Collected data
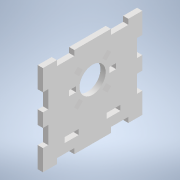
# Autodesk Inventor part: Frontal
Saved by Autodesk Inventor 2020.2 (Build 242310000, 310)
## iProperties
Created: 2020-03-18
Part Number: Frontal
Material: Generic
Document SubType Name: Modeling
Designer: ARQ SEVILLA R
Density: 1 g/cm^3
Appearance: Default
Author: ARQ SEVILLA R
Autodesk Inventor part; units mm, degrees
ref_plane "YZ Plane" through (0, 0, 0) normal (1, 0, 0) x (0, 1, 0)
ref_plane "XZ Plane" through (0, 0, 0) normal (0, 1, 0) x (-1, 0, 0)
ref_plane "XY Plane" through (0, 0, 0) normal (0, 0, 1) x (1, 0, 0)
sketch "Sketch1" plane through (0, 0, 0) normal (1, 0, 0) x (0, 1, 0)
  circle A0 centre (0, 0) radius 7.5
  line L0 (-31.75, -25.5) -> (-31.75, -20.5)
  line L1 (-31.75, -20.5) -> (-28.75, -20.5)
  line L2 (-28.75, -20.5) -> (-28.75, -10.5)
  line L3 (-28.75, -10.5) -> (-31.75, -10.5)
  line L4 (0, 0) -> (-31.75, 0) construction
  line L5 (-31.75, 20.5) -> (-28.75, 20.5)
  line L6 (-28.75, 20.5) -> (-28.75, 10.5)
  line L7 (-28.75, 10.5) -> (-31.75, 10.5)
  line L8 (-31.75, 25.5) -> (-31.75, 20.5)
  line L9 (-31.75, 10.5) -> (-31.75, -10.5)
  line L10 (-31.75, -20.5) -> (-31.75, -25.5)
  line L11 (20, 25.5) -> (20, 20.5)
  line L12 (20, 20.5) -> (17, 20.5)
  line L13 (17, 20.5) -> (17, 10.5)
  line L14 (17, 10.5) -> (20, 10.5)
  line L15 (20, -20.5) -> (17, -20.5)
  line L16 (17, -20.5) -> (17, -10.5)
  line L17 (17, -10.5) -> (20, -10.5)
  line L18 (20, 25.5) -> (20, 20.5)
  line L19 (20, 10.5) -> (20, -10.5)
  line L20 (20, -20.5) -> (20, -25.5)
  line L21 (20, 25.5) -> (20, 28.5)
  line L22 (-31.75, 28.5) -> (-31.75, 25.5)
  line L23 (-31.75, -25.5) -> (-31.75, -28.5)
  line L24 (20, -28.5) -> (20, -25.5)
  line L25 (-31.75, 28.5) -> (-19.75, 28.5)
  line L26 (-19.75, 28.5) -> (-19.75, 25.5)
  line L27 (-19.75, 25.5) -> (-9.75, 25.5)
  line L28 (-9.75, 25.5) -> (-9.75, 28.5)
  line L29 (-5.875, -28.5) -> (-5.875, 0) construction
  line L30 (8, 28.5) -> (8, 25.5)
  line L31 (8, 25.5) -> (-2, 25.5)
  line L32 (-2, 25.5) -> (-2, 28.5)
  line L33 (-19.75, -28.5) -> (-19.75, -25.5)
  line L34 (-19.75, -25.5) -> (-9.75, -25.5)
  line L35 (-9.75, -25.5) -> (-9.75, -28.5)
  line L36 (8, -25.5) -> (-2, -25.5)
  line L37 (8, -28.5) -> (8, -25.5)
  line L38 (-2, -25.5) -> (-2, -28.5)
  line L39 (-19.75, 28.5) -> (-31.75, 28.5)
  line L40 (20, 28.5) -> (8, 28.5)
  line L41 (-2, 28.5) -> (-9.75, 28.5)
  line L42 (-31.75, -28.5) -> (-19.75, -28.5)
  line L43 (-9.75, -28.5) -> (-2, -28.5)
  line L44 (8, -28.5) -> (20, -28.5)
  line L45 (-31.75, -28.5) -> (-19.75, -28.5)
  line L46 (-9.75, -28.5) -> (-5.875, -28.5)
  line L47 (-28.75, 20.5) -> (-23.5, 20.5) construction
  line L48 (-23.5, 20.5) -> (-23.5, -28.5) construction
  line L49 (-23.5, 0) -> (-23.5, -8) construction
  line L50 (-23.5, -8) -> (-20.5, -8)
  line L51 (-20.5, -8) -> (-20.5, -16)
  line L52 (-20.5, -16) -> (-23.5, -16)
  line L53 (-23.5, -8) -> (-23.5, -16)
  line L54 (-23.5, -20.5) -> (-23.5, 28.5) construction
  line L55 (-23.5, 0) -> (-23.5, 8) construction
  line L56 (-23.5, 8) -> (-20.5, 8)
  line L57 (-20.5, 8) -> (-20.5, 16)
  line L58 (-20.5, 16) -> (-23.5, 16)
  line L59 (-23.5, 8) -> (-23.5, 16)
  line L60 (0, -7.5) -> (0, -9.5) construction
  line L61 (0, -9.5) -> (1.5, -9.5)
  line L62 (1.5, -9.5) -> (1.5, -13.5)
  line L63 (1.5, -13.5) -> (-1.5, -13.5)
  line L64 (-1.5, -13.5) -> (-1.5, -9.5)
  line L65 (-1.5, -9.5) -> (0, -9.5)
  line L66 (0, 9.5) -> (1.5, 9.5)
  line L67 (1.5, 9.5) -> (1.5, 13.5)
  line L68 (1.5, 13.5) -> (-1.5, 13.5)
  line L69 (-1.5, 13.5) -> (-1.5, 9.5)
  line L70 (-1.5, 9.5) -> (0, 9.5)
  line L71 (7.5, 0) -> (9.5, 0) construction
  line L72 (9.5, 0) -> (9.5, -1.5)
  line L73 (9.5, -1.5) -> (13.5, -1.5)
  line L74 (13.5, -1.5) -> (13.5, 1.5)
  line L75 (13.5, 1.5) -> (9.5, 1.5)
  line L76 (9.5, 1.5) -> (9.5, 0)
  line L77 (-7.5, 0) -> (-9.5, 0) construction
  line L78 (-9.5, 0) -> (-9.5, -1.5)
  line L79 (-9.5, -1.5) -> (-13.5, -1.5)
  line L80 (-13.5, -1.5) -> (-13.5, 1.5)
  line L81 (-13.5, 1.5) -> (-9.5, 1.5)
  line L82 (-9.5, 1.5) -> (-9.5, 0)
  dimension "d0" = 15
  dimension "d3" = 51
  dimension "d7" = 5
  dimension "d8" = 3
  dimension "d9" = 10
  dimension "d10" = 3
  dimension "d11" = 51.75
  dimension "d12" = 3
  dimension "d13" = 3
  dimension "d14" = 12
  dimension "d15" = 3
  dimension "d16" = 10
  dimension "d17" = 25.875
  dimension "d18" = 5.25
  dimension "d19" = 8
  dimension "d20" = 3
  dimension "d21" = 8
  dimension "d22" = 2
  dimension "d23" = 1.5
  dimension "d24" = 4
  dimension "d25" = 3
  dimension "d26" = 2
  dimension "d27" = 1.5
  dimension "d28" = 4
  dimension "d29" = 3
  constraints: 166 end point, 42 perpendicular, 37 symmetric about line, 16 point on line, 3 vertical, 2 midpoint, 2 point on circle, 1 centre point, 1 coincident, 1 collinear, 1 horizontal
  measures "d0" diameter of A0
  measures "d3" distance of L11.start L20.end
  measures "d7" distance of L0.start L0.end
  measures "d8" distance of L0.end L1.end
  measures "d9" distance of L1.end L2.end
  measures "d10" distance of L11.end L12.end
  measures "d11" distance of L0.start L20.end
  measures "d12" distance of L11.start L21.end
  measures "d13" distance of L0.start L23.end
  measures "d14" distance of L22.start L25.end
  measures "d15" distance of L25.end L26.end
  measures "d16" distance of L26.end L27.end
  measures "d17" distance of L23.end L29.start
  measures "d18" distance of L6.start L47.end
  measures "d19" distance of L49.start L49.end
  measures "d20" distance of L49.end L50.end
  measures "d21" distance of L50.end L51.end
  measures "d22" distance of L60.start L60.end
  measures "d23" distance of L60.end L61.end
  measures "d24" distance of L61.end L62.end
  measures "d25" distance of L62.end L63.end
  measures "d26" distance of L71.start L71.end
  measures "d27" distance of L71.end L72.end
  measures "d28" distance of L72.end L73.end
  measures "d29" distance of L73.end L74.end
extrude "Extrusion1" add sketch "Sketch1" along normal blind 3
sketch "Sketch4" plane through (3, 0, 0) normal (1, 0, 0) x (0, 0, -1)
  line L0 (1.5, 9.5) -> (-1.5, 9.5) projected
  line L1 (-1.5, 9.5) -> (1.5, 9.5)
  line L2 (1.5, 13.5) -> (1.5, 9.5) projected
  line L3 (1.5, 9.5) -> (1.5, 13.5)
  line L4 (-1.5, 13.5) -> (1.5, 13.5) projected
  line L5 (1.5, 13.5) -> (-1.5, 13.5)
  line L6 (-1.5, 9.5) -> (-1.5, 13.5) projected
  line L7 (-1.5, 13.5) -> (-1.5, 9.5)
  line L8 (-1.5, -9.5) -> (1.5, -9.5) projected
  line L9 (-1.5, -9.5) -> (1.5, -9.5)
  line L10 (1.5, -9.5) -> (1.5, -13.5) projected
  line L11 (1.5, -9.5) -> (1.5, -13.5)
  line L12 (1.5, -13.5) -> (-1.5, -13.5) projected
  line L13 (1.5, -13.5) -> (-1.5, -13.5)
  line L14 (-1.5, -13.5) -> (-1.5, -9.5) projected
  line L15 (-1.5, -13.5) -> (-1.5, -9.5)
  point P0 (0, 0)
  constraints: 16 end point, 6 collinear, 1 horizontal, 1 perpendicular
extrude "Extrusion3" add sketch "Sketch4" against normal up to surface (3 mm away)
sketch "Sketch5" plane through (3, 0, 0) normal (1, 0, 0) x (0, 0, -1)
  line L0 (-9.5, -1.5) -> (-13.5, -1.5) projected
  line L1 (-13.5, -1.5) -> (-13.5, 1.5) projected
  line L2 (-13.5, 1.5) -> (-9.5, 1.5) projected
  line L3 (-9.5, 1.5) -> (-9.5, -1.5) projected
  line L4 (-9.5, -1.5) -> (-13.5, -1.5) projected
  line L5 (-13.5, -1.5) -> (-13.5, 1.5) projected
  line L6 (-13.5, -1.5) -> (-13.5, 1.5)
  line L7 (-13.5, 1.5) -> (-9.5, 1.5) projected
  line L8 (-13.5, 1.5) -> (-9.5, 1.5)
  line L9 (-9.5, 1.5) -> (-9.5, -1.5)
  line L10 (-13.5, -1.5) -> (-9.5, -1.5)
  line L11 (0, 0) -> (0, 8.8912) construction
  line L12 (-8.4853, -10.6066) -> (-10.6066, -8.4853)
  line L13 (-10.6066, -8.4853) -> (-7.7782, -5.6569)
  line L14 (-7.7782, -5.6569) -> (-5.6569, -7.7782)
  line L15 (-8.4853, -10.6066) -> (-5.6569, -7.7782)
  line L16 (8.4853, -10.6066) -> (5.6569, -7.7782)
  line L17 (10.6066, -8.4853) -> (8.4853, -10.6066)
  line L18 (10.6066, -8.4853) -> (7.7782, -5.6569)
  line L19 (5.6569, -7.7782) -> (7.7782, -5.6569)
  line L20 (0, 0) -> (-7.7782, 0) construction
  line L21 (-10.6066, 8.4853) -> (-7.7782, 5.6569)
  line L22 (-8.4853, 10.6066) -> (-10.6066, 8.4853)
  line L23 (-8.4853, 10.6066) -> (-5.6569, 7.7782)
  line L24 (-7.7782, 5.6569) -> (-5.6569, 7.7782)
  line L25 (10.6066, 8.4853) -> (7.7782, 5.6569)
  line L26 (5.6569, 7.7782) -> (7.7782, 5.6569)
  line L27 (8.4853, 10.6066) -> (5.6569, 7.7782)
  line L28 (10.6066, 8.4853) -> (8.4853, 10.6066)
  constraints: 44 end point, 9 perpendicular, 8 symmetric about line, 1 collinear, 1 horizontal, 1 vertical
extrude "Extrusion4" cut sketch "Sketch5" against normal up to surface (3 mm away) contours L12 L13 L14 L15 | L16 L19 L18 L17 | L22 L23 L24 L21 | L25 L26 L27 L28
ref_plane "Work Plane1" through (-17.5, 0, 0) normal (1, 0, 0) x (0, 0, -1)
sketch "Sketch6" plane through (-17.5, 0, 0) normal (1, 0, 0) x (0, 0, -1)
  line L0 (8.4853, -10.6066) -> (5.6569, -7.7782) projected
  line L1 (5.6569, -7.7782) -> (7.7782, -5.6569) projected
  line L2 (7.7782, -5.6569) -> (10.6066, -8.4853) projected
  line L3 (10.6066, -8.4853) -> (8.4853, -10.6066) projected
  line L4 (-5.6569, 7.7782) -> (-7.7782, 5.6569) projected
  line L5 (-7.7782, 5.6569) -> (-10.6066, 8.4853) projected
  line L6 (-10.6066, 8.4853) -> (-8.4853, 10.6066) projected
  line L7 (-8.4853, 10.6066) -> (-5.6569, 7.7782) projected
  line L8 (10.6066, 8.4853) -> (7.7782, 5.6569) projected
  line L9 (7.7782, 5.6569) -> (5.6569, 7.7782) projected
  line L10 (5.6569, 7.7782) -> (8.4853, 10.6066) projected
  line L11 (8.4853, 10.6066) -> (10.6066, 8.4853) projected
  line L12 (-7.7782, -5.6569) -> (-5.6569, -7.7782) projected
  line L13 (-5.6569, -7.7782) -> (-8.4853, -10.6066) projected
  line L14 (-8.4853, -10.6066) -> (-10.6066, -8.4853) projected
  line L15 (-10.6066, -8.4853) -> (-7.7782, -5.6569) projected
  line L16 (-25.5, -2) -> (-28.5, -2) projected
  line L17 (-28.5, -2) -> (-28.5, -9.75) projected
  line L18 (-28.5, -9.75) -> (-25.5, -9.75) projected
  line L19 (-25.5, -9.75) -> (-25.5, -19.75) projected
  line L20 (-25.5, -19.75) -> (-28.5, -19.75) projected
  line L21 (-28.5, -19.75) -> (-28.5, -31.75) projected
  line L22 (-28.5, -31.75) -> (-20.5, -31.75) projected
  line L23 (-20.5, -31.75) -> (-20.5, -28.75) projected
  line L24 (-20.5, -28.75) -> (-10.5, -28.75) projected
  line L25 (-10.5, -28.75) -> (-10.5, -31.75) projected
  line L26 (-10.5, -31.75) -> (10.5, -31.75) projected
  line L27 (10.5, -31.75) -> (10.5, -28.75) projected
  line L28 (10.5, -28.75) -> (20.5, -28.75) projected
  line L29 (20.5, -28.75) -> (20.5, -31.75) projected
  line L30 (20.5, -31.75) -> (28.5, -31.75) projected
  line L31 (28.5, -31.75) -> (28.5, -19.75) projected
  line L32 (28.5, -19.75) -> (25.5, -19.75) projected
  line L33 (25.5, -19.75) -> (25.5, -9.75) projected
  line L34 (25.5, -9.75) -> (28.5, -9.75) projected
  line L35 (28.5, -9.75) -> (28.5, -2) projected
  line L36 (28.5, -2) -> (25.5, -2) projected
  line L37 (25.5, -2) -> (25.5, 8) projected
  line L38 (25.5, 8) -> (28.5, 8) projected
  line L39 (28.5, 8) -> (28.5, 20) projected
  line L40 (28.5, 20) -> (20.5, 20) projected
  line L41 (20.5, 20) -> (20.5, 17) projected
  line L42 (20.5, 17) -> (10.5, 17) projected
  line L43 (10.5, 17) -> (10.5, 20) projected
  line L44 (10.5, 20) -> (-10.5, 20) projected
  line L45 (-10.5, 20) -> (-10.5, 17) projected
  line L46 (-10.5, 17) -> (-20.5, 17) projected
  line L47 (-20.5, 17) -> (-20.5, 20) projected
  line L48 (-20.5, 20) -> (-28.5, 20) projected
  line L49 (-28.5, 20) -> (-28.5, 8) projected
  line L50 (-28.5, 8) -> (-25.5, 8) projected
  line L51 (-25.5, 8) -> (-25.5, -2) projected
  circle A0 centre (0, 0) radius 7.5 projected
  line L52 (16, -20.5) -> (16, -23.5) projected
  line L53 (16, -23.5) -> (8, -23.5) projected
  line L54 (8, -23.5) -> (8, -20.5) projected
  line L55 (8, -20.5) -> (16, -20.5) projected
  line L56 (-8, -23.5) -> (-16, -23.5) projected
  line L57 (-16, -23.5) -> (-16, -20.5) projected
  line L58 (-16, -20.5) -> (-8, -20.5) projected
  line L59 (-8, -20.5) -> (-8, -23.5) projected
  line L60 (13.5, 1.5) -> (13.5, -1.5) projected
  line L61 (13.5, -1.5) -> (9.5, -1.5) projected
  line L62 (9.5, -1.5) -> (9.5, 1.5) projected
  line L63 (9.5, 1.5) -> (13.5, 1.5) projected
  line L64 (-9.5, 1.5) -> (-9.5, -1.5) projected
  line L65 (-9.5, -1.5) -> (-13.5, -1.5) projected
  line L66 (-13.5, -1.5) -> (-13.5, 1.5) projected
  line L67 (-13.5, 1.5) -> (-9.5, 1.5) projected
  circle A1 centre (0, 0) radius 14.5
  dimension "d40" = 29
  constraints: 1 centre point, 1 coincident
  measures "d40" diameter of A1
sketch "Sketch7" plane through (3, 0, 0) normal (1, 0, 0) x (0, 0, -1)
  line L0 (-13.5, -1.5) -> (-13.5, 1.5) projected
  line L1 (-9.5, 1.5) -> (-9.5, -1.5) projected
  line L2 (-13.5, -1.5) -> (-9.5, -1.5)
  line L3 (-9.5, -1.5) -> (-9.5, 1.5)
  line L4 (-9.5, 1.5) -> (-13.5, 1.5)
  line L5 (-13.5, 1.5) -> (-13.5, -1.5)
  line L6 (13.5, -1.5) -> (9.5, -1.5) projected
  line L7 (13.5, 1.5) -> (13.5, -1.5) projected
  line L8 (9.5, -1.5) -> (13.5, -1.5)
  line L9 (13.5, -1.5) -> (13.5, 1.5)
  line L10 (13.5, 1.5) -> (9.5, 1.5)
  line L11 (9.5, 1.5) -> (9.5, -1.5)
  point P0 (0, 0)
  constraints: 16 end point, 4 parallel, 2 horizontal, 2 perpendicular
extrude "Extrusion5" add sketch "Sketch7" against normal up to surface (3 mm away)
sketch "Sketch8" plane through (3, 0, 0) normal (1, 0, 0) x (0, 0, -1)
  line L0 (-8.4853, -10.6066) -> (-5.6569, -7.7782) projected
  line L1 (-8.4853, -10.6066) -> (-5.6569, -7.7782)
  line L2 (-5.6569, -7.7782) -> (-7.7782, -5.6569) projected
  line L3 (-5.6569, -7.7782) -> (-7.7782, -5.6569)
  line L4 (-7.7782, -5.6569) -> (-10.6066, -8.4853)
  line L5 (-10.6066, -8.4853) -> (-8.4853, -10.6066) projected
  line L6 (-10.6066, -8.4853) -> (-8.4853, -10.6066)
  line L7 (1.5, -13.5) -> (1.5, -9.5)
  line L8 (1.5, -9.5) -> (-1.5, -9.5)
  line L9 (-1.5, -9.5) -> (-1.5, -13.5)
  line L10 (-1.5, -13.5) -> (1.5, -13.5)
  point P0 (0, 0)
  constraints: 16 end point, 3 collinear, 2 perpendicular
extrude "Extrusion6" cut sketch "Sketch8" against normal up to surface (3 mm away) contours L10 L9 L8 L7
body "Solid1"

| TASK ITEM |
Which lines above run from the one containing "line L35 (-9.75, -25.5) -> (-9.75, -28.5)" down to the one containing "line L44 (8, -28.5) -> (20, -28.5)"? Repeat exactly those, both ends included, and nothing else.

| ANSWER TO THIS TASK |
  line L35 (-9.75, -25.5) -> (-9.75, -28.5)
  line L36 (8, -25.5) -> (-2, -25.5)
  line L37 (8, -28.5) -> (8, -25.5)
  line L38 (-2, -25.5) -> (-2, -28.5)
  line L39 (-19.75, 28.5) -> (-31.75, 28.5)
  line L40 (20, 28.5) -> (8, 28.5)
  line L41 (-2, 28.5) -> (-9.75, 28.5)
  line L42 (-31.75, -28.5) -> (-19.75, -28.5)
  line L43 (-9.75, -28.5) -> (-2, -28.5)
  line L44 (8, -28.5) -> (20, -28.5)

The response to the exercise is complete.